The signal connections from a 2764 to 2364 are listed in the table below. Note that the 2364 has 24 pins and the 2764 has 28 pins. The pins are mostly the same if the bottom of the 2364 is aligned with the bottom of the 2764 (i.e., line up 2364 pin 12 with 2764 pin 14).
| 2364 Pin | 2364 Signal | 2764 Pin | 2764 Signal | Notes |
|---|---|---|---|---|
| N/A | N/A | 1 | Vpp | Pull high (connect to Vcc) |
| N/A | N/A | 2 | A12 | 2764 pin 2 -> 2364 pin 21 |
| 1 | A7 | 3 | A7 | |
| 2 | A6 | 4 | A6 | |
| 3 | A5 | 5 | A5 | |
| 4 | A4 | 6 | A4 | |
| 5 | A3 | 7 | A3 | |
| 6 | A2 | 8 | A2 | |
| 7 | A1 | 9 | A1 | |
| 8 | A0 | 10 | A0 | |
| 9 | D0 | 11 | D0 | |
| 10 | D1 | 12 | D1 | |
| 11 | D2 | 13 | D2 | |
| 12 | Vss/GND | 14 | Vss/GND | |
| 13 | D3 | 15 | D3 | |
| 14 | D4 | 16 | D4 | |
| 15 | D5 | 17 | D5 | |
| 16 | D6 | 18 | D6 | |
| 17 | D7 | 19 | D7 | |
| 18 | A11 | 20 | /CE | Pull low (connect to Vss/GND) |
| 19 | A10 | 21 | A10 | |
| 20 | /CE | 22 | /OE | |
| 21 | A12 | 23 | A11 | 2764 pin 23 -> 2364 pin 18 |
| 22 | A9 | 24 | A9 | |
| 23 | A8 | 25 | A8 | |
| 24 | Vcc | 26 | N/C | Pull high (connect to Vcc) |
| N/A | N/A | 27 | /PGM | Pull high (connect to Vcc) |
| N/A | N/A | 28 | Vcc | 2764 pin 28 -> 2364 pin 24 |
There are multiple versions of the Timex Sinclair ROM. The Timex Sinclair 1000 and ZX81 ROMs are the same. Differences between the machines, e.g. TV frame rate, are performed in software based on a PCB jumper.
| Version/Download Link | Description |
|---|---|
| Standard | The original, buggy, first version of the ROM as shipped by Sinclair |
| Improved | The debugged second version of the ROM as shipped by Sinclair |
| Shoulders of Giants | Debugged variant by Geoff Wearmouth |
| Other Languages | Replacement ROMs for other programming languages like Forth and assembly |
| Clones | Some clones had slightly modified ROMs |
- Use zxtext2p to convert program to WAV files so that I can load programs from a computer instead needing a cassette player
- Website with numerous articles and links about the Timex Sinclair 1000 and related personal computers
- ROM downloads
- Replacement keyboard available on eBay
- Procedures to modify video output to composite video instead of RF output
- Single transistor method, with photos (this is the method that I used successfully)

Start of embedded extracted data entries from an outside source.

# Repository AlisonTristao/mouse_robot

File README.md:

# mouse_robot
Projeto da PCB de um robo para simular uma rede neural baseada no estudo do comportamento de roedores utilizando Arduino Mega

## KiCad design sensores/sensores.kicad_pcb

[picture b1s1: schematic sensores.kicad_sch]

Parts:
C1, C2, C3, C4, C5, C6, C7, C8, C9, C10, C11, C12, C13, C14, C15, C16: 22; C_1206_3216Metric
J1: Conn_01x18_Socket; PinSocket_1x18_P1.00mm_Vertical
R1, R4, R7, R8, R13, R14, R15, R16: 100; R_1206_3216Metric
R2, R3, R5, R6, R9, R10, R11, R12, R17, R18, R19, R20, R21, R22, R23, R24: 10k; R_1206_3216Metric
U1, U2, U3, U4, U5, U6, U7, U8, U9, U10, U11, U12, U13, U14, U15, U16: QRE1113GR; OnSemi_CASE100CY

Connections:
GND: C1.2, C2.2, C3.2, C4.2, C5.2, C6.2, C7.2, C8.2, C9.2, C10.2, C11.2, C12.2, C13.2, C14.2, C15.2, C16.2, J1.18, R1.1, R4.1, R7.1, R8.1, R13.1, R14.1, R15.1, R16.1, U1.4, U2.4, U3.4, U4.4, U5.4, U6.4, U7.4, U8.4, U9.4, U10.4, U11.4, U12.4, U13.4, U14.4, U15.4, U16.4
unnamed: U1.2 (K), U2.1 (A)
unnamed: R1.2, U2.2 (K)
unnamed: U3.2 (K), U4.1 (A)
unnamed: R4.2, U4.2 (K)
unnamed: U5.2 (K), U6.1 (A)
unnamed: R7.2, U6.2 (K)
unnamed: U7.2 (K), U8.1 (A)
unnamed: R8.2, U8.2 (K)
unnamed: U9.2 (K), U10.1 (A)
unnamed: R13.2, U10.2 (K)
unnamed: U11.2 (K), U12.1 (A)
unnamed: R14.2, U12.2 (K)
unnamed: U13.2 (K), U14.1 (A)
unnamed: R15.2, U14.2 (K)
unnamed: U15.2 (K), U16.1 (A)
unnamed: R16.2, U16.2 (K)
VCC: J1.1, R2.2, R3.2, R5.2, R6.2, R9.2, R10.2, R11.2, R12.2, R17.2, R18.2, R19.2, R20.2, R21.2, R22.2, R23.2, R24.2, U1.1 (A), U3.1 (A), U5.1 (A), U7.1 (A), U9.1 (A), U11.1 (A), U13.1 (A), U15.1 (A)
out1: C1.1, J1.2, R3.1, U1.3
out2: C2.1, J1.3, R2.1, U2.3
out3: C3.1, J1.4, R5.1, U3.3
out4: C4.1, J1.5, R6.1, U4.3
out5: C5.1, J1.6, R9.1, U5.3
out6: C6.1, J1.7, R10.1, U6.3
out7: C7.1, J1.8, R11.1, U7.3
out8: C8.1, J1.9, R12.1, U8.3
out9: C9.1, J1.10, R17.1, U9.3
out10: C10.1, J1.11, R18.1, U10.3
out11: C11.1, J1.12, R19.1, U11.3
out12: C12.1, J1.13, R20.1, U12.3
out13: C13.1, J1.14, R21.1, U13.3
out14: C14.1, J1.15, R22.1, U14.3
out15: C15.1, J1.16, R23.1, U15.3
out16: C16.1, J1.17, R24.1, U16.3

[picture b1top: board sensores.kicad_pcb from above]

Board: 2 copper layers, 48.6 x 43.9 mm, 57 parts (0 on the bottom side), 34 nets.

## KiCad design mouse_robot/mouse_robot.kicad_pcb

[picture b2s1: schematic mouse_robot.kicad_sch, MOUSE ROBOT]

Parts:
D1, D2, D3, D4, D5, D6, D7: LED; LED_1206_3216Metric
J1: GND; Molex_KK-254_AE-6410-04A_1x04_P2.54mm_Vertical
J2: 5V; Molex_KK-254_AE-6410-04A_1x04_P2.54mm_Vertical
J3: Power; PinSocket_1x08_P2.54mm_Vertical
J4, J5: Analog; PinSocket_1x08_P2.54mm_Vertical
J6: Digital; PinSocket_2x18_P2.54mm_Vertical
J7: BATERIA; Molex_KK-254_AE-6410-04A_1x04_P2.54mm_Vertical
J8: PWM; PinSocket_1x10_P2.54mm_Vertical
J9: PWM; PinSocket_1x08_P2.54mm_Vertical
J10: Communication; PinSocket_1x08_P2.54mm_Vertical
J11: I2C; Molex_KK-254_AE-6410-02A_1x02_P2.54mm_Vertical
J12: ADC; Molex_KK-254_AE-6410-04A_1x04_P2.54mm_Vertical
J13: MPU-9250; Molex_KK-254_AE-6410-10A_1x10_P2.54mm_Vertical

- ZX81 BASIC programs and web emulator
- Program to converts a text file containing a ZX81 program into a ".p" file suitable for an emulator (this should also work to program a ROM).
- Updated version to collapse display file to fit into 1K RAM
- Convert ZX81 program text to a WAV file for loading into machine without cassette: link or link
- TS1000 schematic from article in VISTA newsletter Volume 3, Number 5
- Corrected power input/regulator section
- "Reversible" RAM upgrade procedure
- ULA replacement module: vLA81
- Modern FPGA-based plug-in replacement for a failed Ferranti ULA chip ("IC1")
- ROM chip 23xx Adapter from Retro Innovations
- 23xx Adapter product information page
- 2364 pinout and datasheet
- Article on replacing a 2364 ROM with 2764 EPROM
- TMM2016 RAM datasheet
- Writeup of another TS1000 refurbishment
- Photos
- Composite video circuit inside the modulator shield can
- Entire board, showing the video modifications and labels for key components
- Entire board with all modifications
The software and other files in this repository are released under what is commonly called the MIT License. See the file LICENSE.txt in this repository.
All hardware modifications mentioned here are for informational purposes only, and are a summary of changes made to my particular hardware, which may be different from yours. You should do your own research before making modifications to your hardware.